Future Trends in Crypto Passive Income
Emerging Projects and Protocols
The DeFi space is evolving fast, with new projects introducing novel passive income mechanisms.
Protocols like EigenLayer and Lido are redefining how staking and liquidity are managed. Watch for synthetic assets, decentralized ETFs, and even AI-powered DeFi managers.
Keeping an eye on fresh projects through launchpads and DAOs can give you early access to high-yield opportunities—before the masses catch on.
DeFi Evolution and Its Impact
DeFi is moving towards automation, scalability, and regulation. Smart contract auditing is becoming standard, and platforms are prioritizing security. This evolution makes passive income safer and more accessible to the average user.

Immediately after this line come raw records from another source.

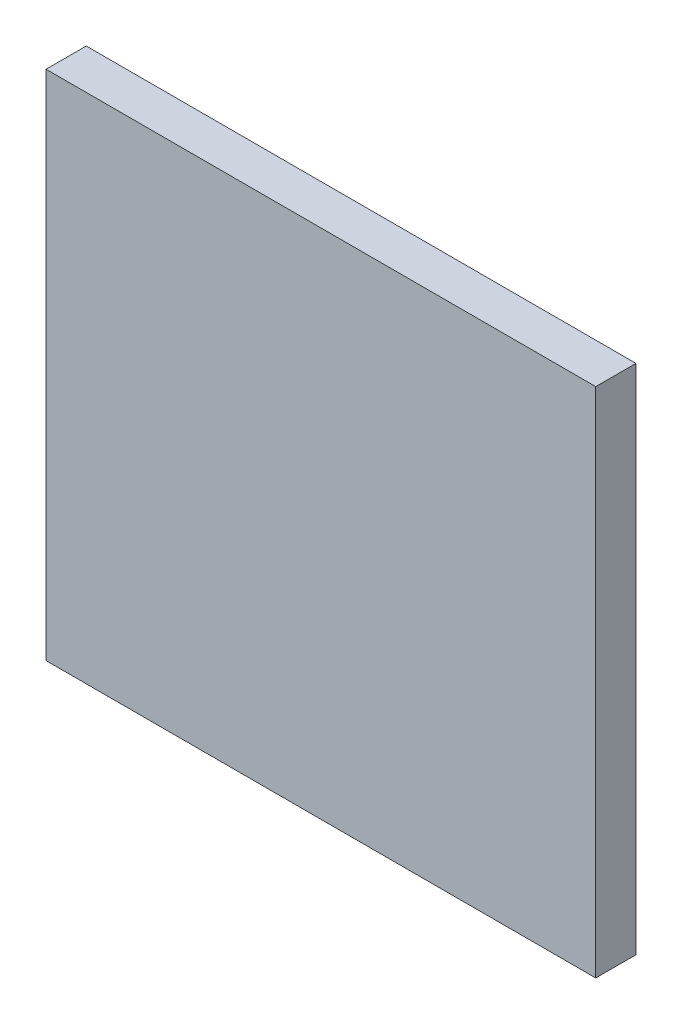
ISO-10303-21;
HEADER;
FILE_DESCRIPTION(('STEP AP214'),'2;1');
FILE_NAME('part.step','',(''),(''),'','','');
FILE_SCHEMA(('AUTOMOTIVE_DESIGN { 1 0 10303 214 1 1 1 1 }'));
ENDSEC;
DATA;
#1=APPLICATION_CONTEXT('core data for automotive mechanical design processes');
#2=APPLICATION_PROTOCOL_DEFINITION('international standard','automotive_design',2000,#1);
#3=PRODUCT_CONTEXT('',#1,'mechanical');
#4=PRODUCT('Part','Part','',(#3));
#5=PRODUCT_RELATED_PRODUCT_CATEGORY('part','',(#4));
#6=PRODUCT_DEFINITION_FORMATION('','',#4);
#7=PRODUCT_DEFINITION_CONTEXT('part definition',#1,'design');
#8=PRODUCT_DEFINITION('design','',#6,#7);
#9=PRODUCT_DEFINITION_SHAPE('','',#8);
#10=(LENGTH_UNIT() NAMED_UNIT(*) SI_UNIT(.MILLI.,.METRE.));
#11=(NAMED_UNIT(*) PLANE_ANGLE_UNIT() SI_UNIT($,.RADIAN.));
#12=(NAMED_UNIT(*) SI_UNIT($,.STERADIAN.) SOLID_ANGLE_UNIT());
#13=UNCERTAINTY_MEASURE_WITH_UNIT(LENGTH_MEASURE(1.E-05),#10,'distance_accuracy_value','');
#14=(GEOMETRIC_REPRESENTATION_CONTEXT(3) GLOBAL_UNCERTAINTY_ASSIGNED_CONTEXT((#13)) GLOBAL_UNIT_ASSIGNED_CONTEXT((#10,
#11,#12)) REPRESENTATION_CONTEXT('',''));
#15=CARTESIAN_POINT('',(0.,0.,0.));
#16=DIRECTION('',(0.,0.,1.));
#17=DIRECTION('',(1.,0.,0.));
#18=AXIS2_PLACEMENT_3D('',#15,#16,#17);
#19=CARTESIAN_POINT('',(0.,0.,-30.));
#20=DIRECTION('',(0.,0.,1.));
#21=DIRECTION('',(1.,0.,0.));
#22=AXIS2_PLACEMENT_3D('',#19,#20,#21);
#23=PLANE('',#22);
#24=DIRECTION('',(0.,1.,0.));
#25=VECTOR('',#24,1.);
#26=CARTESIAN_POINT('',(3210.,-1330.,-30.));
#27=LINE('',#26,#25);
#28=CARTESIAN_POINT('',(3210.,-847.,-30.));
#29=VERTEX_POINT('',#28);
#30=CARTESIAN_POINT('',(3210.,-465.,-30.));
#31=VERTEX_POINT('',#30);
#32=EDGE_CURVE('E46',#29,#31,#27,.T.);
#33=ORIENTED_EDGE('',*,*,#32,.T.);
#34=DIRECTION('',(1.,0.,0.));
#35=VECTOR('',#34,1.);
#36=CARTESIAN_POINT('',(3210.,-465.,-30.));
#37=LINE('',#36,#35);
#38=CARTESIAN_POINT('',(3620.,-465.,-30.));
#39=VERTEX_POINT('',#38);
#40=EDGE_CURVE('E79',#31,#39,#37,.T.);
#41=ORIENTED_EDGE('',*,*,#40,.T.);
#42=DIRECTION('',(0.,-1.,0.));
#43=VECTOR('',#42,1.);
#44=CARTESIAN_POINT('',(3620.,-310.,-30.));
#45=LINE('',#44,#43);
#46=CARTESIAN_POINT('',(3620.,-847.,-30.));
#47=VERTEX_POINT('',#46);
#48=EDGE_CURVE('E104',#39,#47,#45,.T.);
#49=ORIENTED_EDGE('',*,*,#48,.T.);
#50=DIRECTION('',(1.,0.,0.));
#51=VECTOR('',#50,1.);
#52=CARTESIAN_POINT('',(0.,-847.,-30.));
#53=LINE('',#52,#51);
#54=EDGE_CURVE('E94',#47,#29,#53,.F.);
#55=ORIENTED_EDGE('',*,*,#54,.T.);
#56=EDGE_LOOP('',(#33,#41,#49,#55));
#57=FACE_BOUND('',#56,.T.);
#58=ADVANCED_FACE('F38',(#57),#23,.F.);
#59=CARTESIAN_POINT('',(0.,0.,0.));
#60=DIRECTION('',(0.,0.,1.));
#61=DIRECTION('',(1.,0.,0.));
#62=AXIS2_PLACEMENT_3D('',#59,#60,#61);
#63=PLANE('',#62);
#64=DIRECTION('',(1.,0.,0.));
#65=VECTOR('',#64,1.);
#66=CARTESIAN_POINT('',(0.,-465.,0.));
#67=LINE('',#66,#65);
#68=CARTESIAN_POINT('',(3210.,-465.,0.));
#69=VERTEX_POINT('',#68);
#70=CARTESIAN_POINT('',(3620.,-465.,0.));
#71=VERTEX_POINT('',#70);
#72=EDGE_CURVE('E53',#69,#71,#67,.T.);
#73=ORIENTED_EDGE('',*,*,#72,.F.);
#74=DIRECTION('',(0.,1.,0.));
#75=VECTOR('',#74,1.);
#76=CARTESIAN_POINT('',(3210.,0.,0.));
#77=LINE('',#76,#75);
#78=CARTESIAN_POINT('',(3210.,-847.,0.));
#79=VERTEX_POINT('',#78);
#80=EDGE_CURVE('E11',#79,#69,#77,.T.);
#81=ORIENTED_EDGE('',*,*,#80,.F.);
#82=DIRECTION('',(-1.,0.,0.));
#83=VECTOR('',#82,1.);
#84=CARTESIAN_POINT('',(0.,-847.,0.));
#85=LINE('',#84,#83);
#86=CARTESIAN_POINT('',(3620.,-847.,0.));
#87=VERTEX_POINT('',#86);
#88=EDGE_CURVE('E61',#87,#79,#85,.T.);
#89=ORIENTED_EDGE('',*,*,#88,.F.);
#90=DIRECTION('',(0.,-1.,0.));
#91=VECTOR('',#90,1.);
#92=CARTESIAN_POINT('',(3620.,0.,0.));
#93=LINE('',#92,#91);
#94=EDGE_CURVE('E99',#71,#87,#93,.T.);
#95=ORIENTED_EDGE('',*,*,#94,.F.);
#96=EDGE_LOOP('',(#73,#81,#89,#95));
#97=FACE_BOUND('',#96,.T.);
#98=ADVANCED_FACE('F40',(#97),#63,.T.);
#99=CARTESIAN_POINT('',(3210.,-1330.,-30.));
#100=DIRECTION('',(1.,0.,0.));
#101=DIRECTION('',(0.,0.,-1.));
#102=AXIS2_PLACEMENT_3D('',#99,#100,#101);
#103=PLANE('',#102);
#104=ORIENTED_EDGE('',*,*,#80,.T.);
#105=DIRECTION('',(0.,0.,1.));
#106=VECTOR('',#105,1.);
#107=CARTESIAN_POINT('',(3210.,-465.,-30.));
#108=LINE('',#107,#106);
#109=EDGE_CURVE('E82',#31,#69,#108,.T.);
#110=ORIENTED_EDGE('',*,*,#109,.F.);
#111=ORIENTED_EDGE('',*,*,#32,.F.);
#112=DIRECTION('',(0.,0.,1.));
#113=VECTOR('',#112,1.);
#114=CARTESIAN_POINT('',(3210.,-847.,0.));
#115=LINE('',#114,#113);
#116=EDGE_CURVE('E95',#79,#29,#115,.F.);
#117=ORIENTED_EDGE('',*,*,#116,.F.);
#118=EDGE_LOOP('',(#104,#110,#111,#117));
#119=FACE_BOUND('',#118,.T.);
#120=ADVANCED_FACE('F90',(#119),#103,.F.);
#121=CARTESIAN_POINT('',(0.,-847.,0.));
#122=DIRECTION('',(0.,1.,0.));
#123=DIRECTION('',(-1.,0.,0.));
#124=AXIS2_PLACEMENT_3D('',#121,#122,#123);
#125=PLANE('',#124);
#126=DIRECTION('',(0.,0.,1.));
#127=VECTOR('',#126,1.);
#128=CARTESIAN_POINT('',(3620.,-847.,-30.));
#129=LINE('',#128,#127);
#130=EDGE_CURVE('E102',#47,#87,#129,.T.);
#131=ORIENTED_EDGE('',*,*,#130,.T.);
#132=ORIENTED_EDGE('',*,*,#88,.T.);
#133=ORIENTED_EDGE('',*,*,#116,.T.);
#134=ORIENTED_EDGE('',*,*,#54,.F.);
#135=EDGE_LOOP('',(#131,#132,#133,#134));
#136=FACE_BOUND('',#135,.T.);
#137=ADVANCED_FACE('F117',(#136),#125,.F.);
#138=CARTESIAN_POINT('',(3620.,-310.,-30.));
#139=DIRECTION('',(-1.,0.,0.));
#140=DIRECTION('',(0.,0.,1.));
#141=AXIS2_PLACEMENT_3D('',#138,#139,#140);
#142=PLANE('',#141);
#143=ORIENTED_EDGE('',*,*,#48,.F.);
#144=DIRECTION('',(0.,0.,1.));
#145=VECTOR('',#144,1.);
#146=CARTESIAN_POINT('',(3620.,-465.,-30.));
#147=LINE('',#146,#145);
#148=EDGE_CURVE('E83',#39,#71,#147,.T.);
#149=ORIENTED_EDGE('',*,*,#148,.T.);
#150=ORIENTED_EDGE('',*,*,#94,.T.);
#151=ORIENTED_EDGE('',*,*,#130,.F.);
#152=EDGE_LOOP('',(#143,#149,#150,#151));
#153=FACE_BOUND('',#152,.T.);
#154=ADVANCED_FACE('F109',(#153),#142,.F.);
#155=CARTESIAN_POINT('',(3210.,-465.,-30.));
#156=DIRECTION('',(0.,-1.,0.));
#157=DIRECTION('',(0.,0.,-1.));
#158=AXIS2_PLACEMENT_3D('',#155,#156,#157);
#159=PLANE('',#158);
#160=ORIENTED_EDGE('',*,*,#72,.T.);
#161=ORIENTED_EDGE('',*,*,#148,.F.);
#162=ORIENTED_EDGE('',*,*,#40,.F.);
#163=ORIENTED_EDGE('',*,*,#109,.T.);
#164=EDGE_LOOP('',(#160,#161,#162,#163));
#165=FACE_BOUND('',#164,.T.);
#166=ADVANCED_FACE('F81',(#165),#159,.F.);
#167=CLOSED_SHELL('',(#58,#98,#120,#137,#154,#166));
#168=MANIFOLD_SOLID_BREP('B2',#167);
#169=ADVANCED_BREP_SHAPE_REPRESENTATION('',(#18,#168),#14);
#170=SHAPE_DEFINITION_REPRESENTATION(#9,#169);
ENDSEC;
END-ISO-10303-21;

Also, layer-2 solutions like Arbitrum, Optimism, and zkSync reduce gas fees and increase transaction speeds—making passive strategies more profitable by cutting costs.
Final Thoughts
Crypto offers a thrilling range of passive income opportunities—from staking and yield farming to NFTs and trading bots.
Whether you’re a beginner or an experienced investor, there’s a strategy that fits your risk tolerance and goals. But remember: with great returns come great responsibilities. Stay informed, diversify wisely, and always protect your capital.
Start small, test strategies, and grow your portfolio organically. With patience and smart planning, your crypto can start working for you—while you focus on the things that matter most.
I hope you found anser of your question – How To Earn Passive Income With Crypto.
FAQs
Can I lose money in passive income crypto methods?
Yes. Market volatility, hacks, smart contract bugs, and regulatory changes can all lead to losses. Always do your research and use trusted platforms.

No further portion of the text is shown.